EXERCISE OBJECTIVE -
For the listing below, show each line that includes the string "ゴシック".

MATERIAL SUPPLIED -
:::

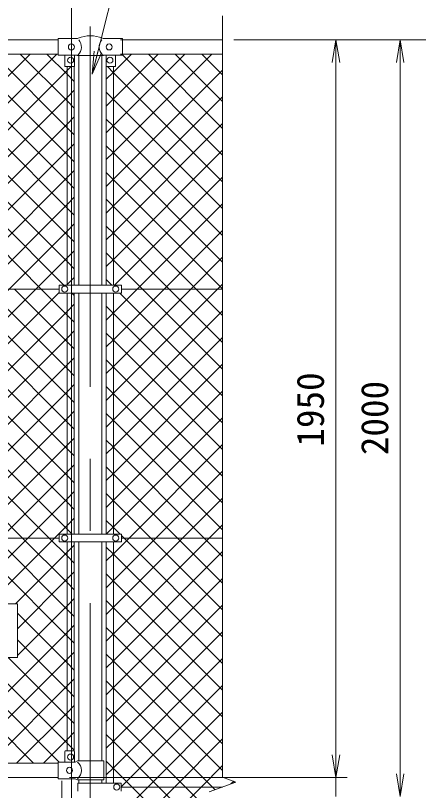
# Model space of a CAD drawing. Units: millimetres, scale not verified. Extents: x -6300 to 6300, y -4455 to 4455.
# Drawn here: x 2905 to 3971, y 1160 to 3208 of the extents above; entities that cross this region are included whole.
import ezdxf
from ezdxf.enums import TextEntityAlignment as Align

# ---------------------------------------------------------------- set-up
doc = ezdxf.new("R2010")
doc.units = ezdxf.units.MM
doc.header["$LTSCALE"] = 30
doc.linetypes.add('USER1', pattern=[50.8, 31.75, -6.35, 6.35, -6.35])
for name, color, linetype, lineweight in [('0-0_D-STR-TXT', 7, 'Continuous', 9), ('0-3_D-BMK', 2, 'USER1', 13), ('0-4_D-STR1', 1, 'Continuous', 18), ('0-5_D-STR3', 3, 'Continuous', 13), ('0-6_D-STR-DIM', 7, 'Continuous', 9), ('0-7_0', 7, 'Continuous', 9), ('0-B_D-STR2', 7, 'Continuous', 9), ('0-C_Defpoints', 8, 'Continuous', 18)]:
    doc.layers.add(name, color=color, linetype=linetype, lineweight=lineweight)
doc.styles.add('ＭＳ ゴシック', font='')
doc.styles.get('ＭＳ ゴシック').set_extended_font_data('MS Gothic')

# ---------------------------------------------------------------- blocks, each defined once
blk = doc.blocks.new('_Open')
at = {"layer": '0-7_0'}
blk.add_line((-30, 5), (0, 0), dxfattribs=at)
blk.add_lwpolyline([(-30, -5), (0, 0), (-30, 0)], dxfattribs=at)

msp = doc.modelspace()

# ---------------------------------------------------------------- linework, layer by layer
at = {"layer": '0-0_D-STR-TXT'}
msp.add_lwpolyline([(3994.27, 3380.93), (3190.39, 3380.93), (3108.27, 3055.26)], dxfattribs=at)
at = {"layer": '0-3_D-BMK'}
for p, q in [((3102.66, 3179.08), (3102.66, -1266.74)), ((3027.26, 1185.57), (3027.26, -852.82))]:
    msp.add_line(p, q, dxfattribs=at)
at = {"layer": '0-4_D-STR1'}
for p, q in [((1187.66, 3143.84), (3017.66, 3143.84)), ((3182.66, 3143.84), (3452.66, 3143.84)), ((1187.66, 3105.74), (3017.66, 3105.74)), ((3072.41, 3102.34), (3072.41, 2495.14)), ((3132.91, 3102.34), (3132.91, 2495.14)), ((3182.66, 3105.84), (3452.66, 3105.84)), ((3072.41, 2474.54), (3072.41, 1837.14)), ((3132.91, 2474.54), (3132.91, 1837.14)), ((3072.41, 1816.54), (3072.41, 1237.94)), ((3132.91, 1816.54), (3132.91, 1237.94)), ((3017.66, 1231.84), (1187.66, 1231.84)), ((3017.66, 1193.84), (1187.66, 1193.84)), ((3072.41, 1187.94), (3072.41, 1179.34)), ((3132.91, 1187.94), (3132.91, 1179.34))]:
    msp.add_line(p, q, dxfattribs=at)
at = {"layer": '0-5_D-STR3'}
for p, q in [((3017.66, 3102.84), (3017.66, 3146.84)), ((3066.88, 3146.84), (3017.66, 3146.84)), ((3187.66, 3146.84), (3138.43, 3146.84)), ((3187.66, 3102.84), (3187.66, 3146.84)), ((3067.86, 3102.84), (3017.66, 3102.84)), ((3035.66, 3102.84), (3035.66, 3073.84)), ((3060.66, 3102.84), (3060.66, 3073.84)), ((3068.86, 3102.34), (3067.86, 3102.84)), ((3136.46, 3102.34), (3068.86, 3102.34)), ((3136.46, 3102.34), (3137.46, 3102.84)), ((3187.66, 3102.84), (3137.46, 3102.84)), ((3144.66, 3102.84), (3144.66, 3073.84)), ((3169.66, 3102.84), (3169.66, 3073.84)), ((3059.66, 3072.84), (3036.66, 3072.84)), ((3041.16, 2495.14), (3041.16, 3072.84)), ((3060.16, 2495.14), (3060.16, 3072.97)), ((3145.16, 3072.97), (3145.16, 2495.14)), ((3145.66, 3072.84), (3168.66, 3072.84)), ((3164.16, 3072.84), (3164.16, 2495.14)), ((3020.16, 2484.84), (1184.66, 2484.84)), ((3020.16, 2495.14), (3185.16, 2495.14)), ((3020.16, 2495.14), (3020.16, 2474.54)), ((3185.16, 2495.14), (3185.16, 2474.54)), ((3452.66, 2484.84), (3185.16, 2484.84)), ((3020.16, 2474.54), (3185.16, 2474.54)), ((3041.16, 1837.14), (3041.16, 2474.54)), ((3060.16, 1837.14), (3060.16, 2474.54)), ((3145.16, 2474.54), (3145.16, 1837.14)), ((3164.16, 2474.54), (3164.16, 1837.14)), ((3020.16, 1826.84), (1184.66, 1826.84)), ((3020.16, 1837.14), (3185.16, 1837.14)), ((3020.16, 1837.14), (3020.16, 1816.54)), ((3185.16, 1837.14), (3185.16, 1816.54)), ((3452.66, 1826.84), (3185.16, 1826.84)), ((3020.16, 1816.54), (3185.16, 1816.54)), ((3041.16, 1264.94), (3041.16, 1816.54)), ((3060.16, 1264.26), (3060.16, 1816.54)), ((3145.16, 1816.54), (3145.16, 1179.34)), ((3164.16, 1816.54), (3164.16, 1179.34)), ((3035.66, 1262.94), (3035.66, 1234.94)), ((3058.66, 1264.94), (3037.66, 1264.94)), ((3060.66, 1262.94), (3060.66, 1234.94)), ((3062.86, 1234.94), (3017.66, 1234.94)), ((3017.66, 1190.94), (3017.66, 1234.94)), ((3062.86, 1234.94), (3068.86, 1237.94)), ((3138.76, 1237.94), (3068.86, 1237.94)), ((3138.76, 1237.94), (3138.76, 1187.94)), ((3062.86, 1190.94), (3017.66, 1190.94)), ((3062.86, 1190.94), (3068.86, 1187.94)), ((3138.76, 1187.94), (3068.86, 1187.94)), ((3069.86, 1179.34), (3069.86, 1158.34)), ((3069.86, 1179.34), (3184.66, 1179.34)), ((3184.66, 1179.34), (3184.66, 1158.34)), ((3452.66, 1168.84), (3185.16, 1168.84))]:
    msp.add_line(p, q, dxfattribs=at)
for centre in [(3052.66, 3124.84), (3152.66, 3124.84), (3050.66, 3089.84), (3154.66, 3089.84), (3035.16, 2484.84), (3170.16, 2484.84), (3035.16, 1826.84), (3170.16, 1826.84), (3050.66, 1247.94), (3047.66, 1212.94), (3172.66, 1168.84)]:
    msp.add_circle(centre, 8, dxfattribs=at)
for centre, radius, start, end in [((3066.88, 3154.84), 8, 270, 296.9114), ((3050.27, 3124.84), 28.8, 314.1684, 41.01552), ((3102.66, 3071.38), 82.82, 67.15338, 112.84662), ((3155.04, 3124.84), 28.8, 138.98448, 225.8316), ((3138.43, 3154.84), 8, 243.0886, 270), ((3036.66, 3073.84), 1, 180, 270), ((3059.66, 3073.84), 1, 270, 0), ((3145.66, 3073.84), 1, 180, 270), ((3168.66, 3073.84), 1, 270, 0), ((3037.66, 1262.94), 2, 90, 180), ((3058.66, 1262.94), 2, 0, 90), ((3050.27, 1212.94), 28.8, 310.19176, 49.80824)]:
    msp.add_arc(centre, radius, start, end, dxfattribs=at)
at = {"layer": '0-6_D-STR-DIM'}
for p, q in [((3052.66, 1110.84), (3052.66, 3423.84)), ((3452.66, 1194.49), (3452.66, 3206.84)), ((3482.66, 3143.84), (4122.66, 3143.84)), ((3482.66, 3143.84), (4292.66, 3143.84)), ((3482.66, 3143.84), (3952.66, 3143.84)), ((3482.66, 3143.84), (3782.66, 3143.84)), ((3752.66, 3083.84), (3752.66, 1253.84)), ((3922.66, 3083.84), (3922.66, 1203.84)), ((3752.66, 1253.84), (3752.66, 1313.84)), ((3047.66, 1193.84), (3782.66, 1193.84)), ((3047.66, 1193.84), (3782.66, 1193.84)), ((3487.89, 1181.66), (3452.66, 1194.49)), ((3752.66, 1193.84), (3752.66, 1143.84)), ((3417.42, 1156.01), (3487.89, 1181.66))]:
    msp.add_line(p, q, dxfattribs=at)
at = {"layer": '0-B_D-STR2'}
for p, q in [((2972.63, 2484.84), (2351.73, 3105.74)), ((3033.04, 2495.14), (2422.44, 3105.74)), ((3041.16, 2557.73), (2493.15, 3105.74)), ((3041.16, 2628.44), (2563.86, 3105.74)), ((3041.16, 2699.15), (2634.57, 3105.74)), ((3041.16, 2769.86), (2705.28, 3105.74)), ((3041.16, 2840.57), (2775.99, 3105.74)), ((3041.16, 2911.28), (2846.7, 3105.74)), ((3041.16, 2981.99), (2917.41, 3105.74)), ((3041.16, 3052.71), (2988.12, 3105.74)), ((3164.16, 3058.27), (3211.73, 3105.84)), ((3164.16, 2987.56), (3282.44, 3105.84)), ((3164.16, 2916.84), (3353.15, 3105.84)), ((3164.16, 2846.13), (3423.86, 3105.84)), ((3452.66, 2838.92), (3187.66, 3103.92)), ((3452.66, 2909.63), (3256.45, 3105.84)), ((3452.66, 2980.34), (3327.16, 3105.84)), ((3452.66, 3051.06), (3397.87, 3105.84)), ((3060.16, 3033.71), (3041.16, 3052.71)), ((3145.16, 3039.27), (3164.16, 3058.27)), ((3164.16, 2775.42), (3452.66, 3063.92)), ((2534.43, 2484.84), (3041.16, 2991.56)), ((3041.16, 2991.56), (3060.16, 3010.56)), ((3164.16, 2986), (3145.16, 3005)), ((3164.16, 2704.71), (3452.66, 2993.21)), ((3060.16, 2962.99), (3041.16, 2981.99)), ((3145.16, 2968.56), (3164.16, 2987.56)), ((3452.66, 2697.5), (3164.16, 2986)), ((3041.16, 2920.85), (3060.16, 2939.85)), ((3164.16, 2915.29), (3145.16, 2934.29)), ((2605.14, 2484.84), (3041.16, 2920.85)), ((3060.16, 2892.28), (3041.16, 2911.28)), ((3145.16, 2897.84), (3164.16, 2916.84)), ((3164.16, 2634), (3452.66, 2922.5)), ((3452.66, 2626.79), (3164.16, 2915.29)), ((3041.16, 2850.14), (3060.16, 2869.14)), ((2675.85, 2484.84), (3041.16, 2850.14)), ((3164.16, 2844.58), (3145.16, 2863.58)), ((3164.16, 2563.29), (3452.66, 2851.79)), ((3060.16, 2821.57), (3041.16, 2840.57)), ((3145.16, 2827.13), (3164.16, 2846.13)), ((3452.66, 2556.08), (3164.16, 2844.58)), ((3041.16, 2779.43), (3060.16, 2798.43)), ((3164.16, 2773.87), (3145.16, 2792.87)), ((2746.56, 2484.84), (3041.16, 2779.43)), ((3060.16, 2750.86), (3041.16, 2769.86)), ((3145.16, 2756.42), (3164.16, 2775.42)), ((3452.66, 2485.37), (3164.16, 2773.87)), ((3166.71, 2495.14), (3452.66, 2781.08)), ((3164.16, 2703.16), (3145.16, 2722.16)), ((3145.16, 2685.71), (3164.16, 2704.71)), ((3227.13, 2484.84), (3452.66, 2710.37)), ((3060.16, 2680.15), (3041.16, 2699.15)), ((3382.48, 2484.84), (3164.16, 2703.16)), ((3164.16, 2632.45), (3145.16, 2651.45)), ((3060.16, 2609.44), (3041.16, 2628.44)), ((3145.16, 2615), (3164.16, 2634)), ((3311.77, 2484.84), (3164.16, 2632.45)), ((3297.84, 2484.84), (3452.66, 2639.66)), ((3164.16, 2561.74), (3145.16, 2580.74)), ((3145.16, 2544.29), (3164.16, 2563.29)), ((3241.06, 2484.84), (3164.16, 2561.74)), ((3368.55, 2484.84), (3452.66, 2568.95)), ((3060.16, 2538.73), (3041.16, 2557.73)), ((3160.04, 2495.14), (3145.16, 2510.03)), ((2923.52, 1826.84), (2265.52, 2484.84)), ((2994.23, 1826.84), (2336.23, 2484.84)), ((3041.16, 1921.33), (2477.65, 2484.84)), ((3041.16, 1992.05), (2548.36, 2484.84)), ((3041.16, 2062.76), (2619.07, 2484.84)), ((3041.16, 2133.47), (2689.78, 2484.84)), ((3041.16, 2204.18), (2760.49, 2484.84)), ((3041.16, 2274.89), (2831.21, 2484.84)), ((3041.16, 2345.6), (2901.92, 2484.84)), ((3041.16, 2416.31), (2972.63, 2484.84)), ((3164.16, 2421.87), (3227.13, 2484.84)), ((3164.16, 2351.16), (3297.84, 2484.84)), ((3164.16, 2280.45), (3368.55, 2484.84)), ((3164.16, 2209.74), (3439.26, 2484.84)), ((3452.66, 2273.24), (3241.06, 2484.84)), ((3452.66, 2343.95), (3311.77, 2484.84)), ((3452.66, 2414.66), (3382.48, 2484.84)), ((3439.26, 2484.84), (3452.66, 2498.24)), ((3060.16, 2468.02), (3053.64, 2474.54)), ((3145.16, 2473.58), (3146.11, 2474.54)), ((3452.66, 2202.53), (3180.64, 2474.54)), ((3164.16, 2420.32), (3145.16, 2439.32)), ((3145.16, 2402.87), (3164.16, 2421.87)), ((3164.16, 2139.03), (3452.66, 2427.53)), ((3452.66, 2131.82), (3164.16, 2420.32)), ((3060.16, 2397.31), (3041.16, 2416.31)), ((3041.16, 2355.17), (3060.16, 2374.17)), ((3164.16, 2349.61), (3145.16, 2368.61)), ((3164.16, 2068.32), (3452.66, 2356.82)), ((2512.83, 1826.84), (3041.16, 2355.17)), ((3060.16, 2326.6), (3041.16, 2345.6)), ((3145.16, 2332.16), (3164.16, 2351.16)), ((3452.66, 2061.11), (3164.16, 2349.61)), ((3041.16, 2284.46), (3060.16, 2303.46)), ((3164.16, 2278.9), (3145.16, 2297.9)), ((2583.54, 1826.84), (3041.16, 2284.46)), ((3060.16, 2255.89), (3041.16, 2274.89)), ((3145.16, 2261.45), (3164.16, 2280.45)), ((3164.16, 1997.61), (3452.66, 2286.11)), ((3452.66, 1990.4), (3164.16, 2278.9)), ((3164.16, 2208.18), (3145.16, 2227.18)), ((3164.16, 1926.89), (3452.66, 2215.39)), ((3060.16, 2185.18), (3041.16, 2204.18)), ((3145.16, 2190.74), (3164.16, 2209.74)), ((3452.66, 1919.68), (3164.16, 2208.18)), ((3041.16, 2143.03), (3060.16, 2162.03)), ((3164.16, 2137.47), (3145.16, 2156.47)), ((2724.96, 1826.84), (3041.16, 2143.03)), ((3060.16, 2114.47), (3041.16, 2133.47)), ((3145.16, 2120.03), (3164.16, 2139.03)), ((3164.16, 1856.18), (3452.66, 2144.68)), ((3452.66, 1848.97), (3164.16, 2137.47)), ((3041.16, 2072.32), (3060.16, 2091.32)), ((2795.67, 1826.84), (3041.16, 2072.32)), ((3164.16, 2066.76), (3145.16, 2085.76)), ((3205.52, 1826.84), (3452.66, 2073.97)), ((3060.16, 2043.76), (3041.16, 2062.76)), ((3145.16, 2049.32), (3164.16, 2068.32)), ((3404.08, 1826.84), (3164.16, 2066.76)), ((3041.16, 2001.61), (3060.16, 2020.61)), ((3164.16, 1996.05), (3145.16, 2015.05)), ((2866.38, 1826.84), (3041.16, 2001.61)), ((3060.16, 1973.05), (3041.16, 1992.05)), ((3145.16, 1978.61), (3164.16, 1997.61)), ((3333.37, 1826.84), (3164.16, 1996.05)), ((3276.23, 1826.84), (3452.66, 2003.26)), ((3041.16, 1930.9), (3060.16, 1949.9)), ((2937.09, 1826.84), (3041.16, 1930.9)), ((3164.16, 1925.34), (3145.16, 1944.34)), ((3145.16, 1907.89), (3164.16, 1926.89)), ((3346.94, 1826.84), (3452.66, 1932.55)), ((3060.16, 1902.33), (3041.16, 1921.33)), ((3262.66, 1826.84), (3164.16, 1925.34)), ((3041.16, 1860.19), (3060.16, 1879.19)), ((3007.8, 1826.84), (3041.16, 1860.19)), ((3145.16, 1837.18), (3164.16, 1856.18)), ((3417.65, 1826.84), (3452.66, 1861.84)), ((2763.62, 1653.37), (2937.09, 1826.84)), ((3041.16, 1567.78), (2782.1, 1826.84)), ((2834.33, 1653.37), (3007.8, 1826.84)), ((3041.16, 1638.49), (2852.81, 1826.84)), ((3041.16, 1709.2), (2923.52, 1826.84)), ((3041.16, 1779.91), (2994.23, 1826.84)), ((3164.16, 1785.47), (3205.52, 1826.84)), ((3164.16, 1714.76), (3276.23, 1826.84)), ((3164.16, 1644.05), (3346.94, 1826.84)), ((3164.16, 1573.34), (3417.65, 1826.84)), ((3452.66, 1636.84), (3262.66, 1826.84)), ((3452.66, 1707.55), (3333.37, 1826.84)), ((3452.66, 1778.26), (3404.08, 1826.84)), ((3164.16, 1783.92), (3145.16, 1802.92)), ((3145.16, 1766.47), (3164.16, 1785.47)), ((3164.16, 1502.63), (3452.66, 1791.13)), ((3452.66, 1495.42), (3164.16, 1783.92)), ((3060.16, 1760.91), (3041.16, 1779.91)), ((3164.16, 1713.21), (3145.16, 1732.21)), ((3060.16, 1690.2), (3041.16, 1709.2)), ((3145.16, 1695.76), (3164.16, 1714.76)), ((3164.16, 1431.92), (3452.66, 1720.42)), ((3452.66, 1424.71), (3164.16, 1713.21)), ((3164.16, 1642.5), (3145.16, 1661.5)), ((3145.16, 1625.05), (3164.16, 1644.05)), ((3164.16, 1361.21), (3452.66, 1649.71)), ((3452.66, 1354), (3164.16, 1642.5)), ((3060.16, 1619.49), (3041.16, 1638.49)), ((2695.65, 1231.84), (3041.16, 1577.35)), ((3041.16, 1577.35), (3060.16, 1596.35)), ((3164.16, 1571.79), (3145.16, 1590.79)), ((3164.16, 1290.5), (3452.66, 1579)), ((3060.16, 1548.78), (3041.16, 1567.78)), ((3145.16, 1554.34), (3164.16, 1573.34)), ((3452.66, 1283.29), (3164.16, 1571.79)), ((3041.16, 1506.64), (3060.16, 1525.64)), ((2952.83, 1231.84), (2673.23, 1511.44)), ((3020.45, 1234.94), (2743.94, 1511.44)), ((2766.36, 1231.84), (3041.16, 1506.64)), ((3041.16, 1284.94), (2814.65, 1511.44)), ((3041.16, 1355.65), (2885.36, 1511.44)), ((3145.16, 1483.63), (3164.16, 1502.63)), ((3164.16, 1219.79), (3452.66, 1508.29)), ((3041.16, 1435.93), (3060.16, 1454.93)), ((2837.07, 1231.84), (3041.16, 1435.93)), ((3184.66, 1169.58), (3452.66, 1437.58)), ((3145.16, 1412.92), (3164.16, 1431.92)), ((3041.16, 1365.22), (3060.16, 1384.22)), ((3164.16, 1359.66), (3145.16, 1378.66)), ((2907.78, 1231.84), (3041.16, 1365.22)), ((3060.16, 1336.65), (3041.16, 1355.65)), ((3145.16, 1342.21), (3164.16, 1361.21)), ((3354.97, 1168.84), (3164.16, 1359.66)), ((3254.63, 1168.84), (3452.66, 1366.87)), ((3041.16, 1294.51), (3060.16, 1313.51)), ((2978.49, 1231.84), (3041.16, 1294.51)), ((3164.16, 1288.95), (3145.16, 1307.95)), ((3145.16, 1271.5), (3164.16, 1290.5)), ((3325.34, 1168.84), (3452.66, 1296.16)), ((3060.16, 1265.94), (3041.16, 1284.94)), ((3284.26, 1168.84), (3164.16, 1288.95)), ((3164.16, 1218.23), (3145.16, 1237.23)), ((3145.16, 1200.79), (3164.16, 1219.79)), ((3213.55, 1168.84), (3164.16, 1218.23)), ((3396.05, 1168.84), (3452.66, 1225.45)), ((3164.16, 1078.37), (3254.63, 1168.84)), ((3164.16, 1007.66), (3325.34, 1168.84)), ((3164.16, 936.95), (3396.05, 1168.84)), ((3452.66, 929.73), (3213.55, 1168.84)), ((3452.66, 1000.45), (3284.26, 1168.84)), ((3452.66, 1071.16), (3354.97, 1168.84)), ((3474.83, 1176.91), (3481.8, 1183.88)), ((3484.72, 1180.51), (3481.09, 1184.14))]:
    msp.add_line(p, q, dxfattribs=at)
for points in [[(1490.83, 1653.37), (1664.3, 1826.84), (2322.3, 2484.84), (2943.2, 3105.74)], [(1561.54, 1653.37), (1735.01, 1826.84), (2393.01, 2484.84), (3013.91, 3105.74)], [(3054.64, 1837.14), (3041.16, 1850.62), (2406.94, 2484.84), (1786.04, 3105.74)], [(1632.25, 1653.37), (1805.72, 1826.84), (2463.72, 2484.84), (3041.16, 3062.27), (3051.72, 3072.84)], [(3452.66, 2768.21), (3164.16, 3056.71), (3148.03, 3072.84)], [(1962.34, 1629.9), (2159.28, 1826.84), (2817.28, 2484.84), (3041.16, 2708.72), (3060.16, 2727.72)], [(1962.34, 1559.19), (2229.99, 1826.84), (2887.99, 2484.84), (3041.16, 2638.01), (3060.16, 2657.01)], [(1705.7, 1231.84), (2300.7, 1826.84), (2958.7, 2484.84), (3041.16, 2567.3), (3060.16, 2586.3)], [(3039.71, 2495.14), (3041.16, 2496.59), (3060.16, 2515.59)], [(1776.41, 1231.84), (2371.41, 1826.84), (3020.16, 2475.59)], [(1847.12, 1231.84), (2442.12, 1826.84), (3041.16, 2425.88), (3060.16, 2444.88)], [(2480.78, 1653.37), (2654.25, 1826.84), (3041.16, 2213.74), (3060.16, 2232.74)], [(3181.65, 1837.14), (3164.16, 1854.63), (3145.16, 1873.63)], [(3452.66, 1566.13), (3191.95, 1826.84), (3185.16, 1833.63)], [(2905.04, 1653.37), (3041.16, 1789.48), (3060.16, 1808.48)], [(2909.69, 1587.31), (3041.16, 1718.77), (3060.16, 1737.77)], [(2909.69, 1516.6), (3041.16, 1648.06), (3060.16, 1667.06)], [(3060.16, 1478.07), (3041.16, 1497.07), (2909.69, 1628.53)], [(3060.16, 1407.36), (3041.16, 1426.36), (2909.69, 1557.82)], [(3452.66, 1212.58), (3164.16, 1501.08), (3145.16, 1520.08)], [(3432.88, 1161.64), (3425.68, 1168.84), (3164.16, 1430.37), (3145.16, 1449.37)]]:
    msp.add_lwpolyline(points, dxfattribs=at)
at = {"layer": '0-C_Defpoints'}
msp.add_lwpolyline([(2909.69, 1653.37), (2323.17, 1653.37), (2323.17, 1511.44), (2909.69, 1511.44)], close=True, dxfattribs=at)

# ---------------------------------------------------------------- block references
at = {"layer": '0-0_D-STR-TXT', "xscale": 2, "yscale": 2, "rotation": 255.84756}
msp.add_blockref('_Open', (3107.78, 3053.32), dxfattribs=at)
at = {"layer": '0-6_D-STR-DIM', "xscale": 2, "yscale": 2}
for p, rotation in [((3752.66, 3143.84), 90), ((3922.66, 3143.84), 90), ((3752.66, 1193.84), 270), ((3752.66, 1193.84), 270), ((3922.66, 1143.84), 270)]:
    msp.add_blockref('_Open', p, dxfattribs=dict(at, rotation=rotation))

# ---------------------------------------------------------------- texts
at = {"layer": '0-6_D-STR-DIM', "style": 'ＭＳ ゴシック'}
for s, p in [('1950', (3742.53, 2068.49)), ('2000', (3912.53, 2045.96))]:
    msp.add_text(s, height=72.14, rotation=90, dxfattribs=at).set_placement(p, align=Align.BOTTOM_LEFT)

doc.saveas('drawing.dxf')

:::

YOUR RESPONSE -
doc.styles.add('ＭＳ ゴシック', font='')
doc.styles.get('ＭＳ ゴシック').set_extended_font_data('MS Gothic')
at = {"layer": '0-6_D-STR-DIM', "style": 'ＭＳ ゴシック'}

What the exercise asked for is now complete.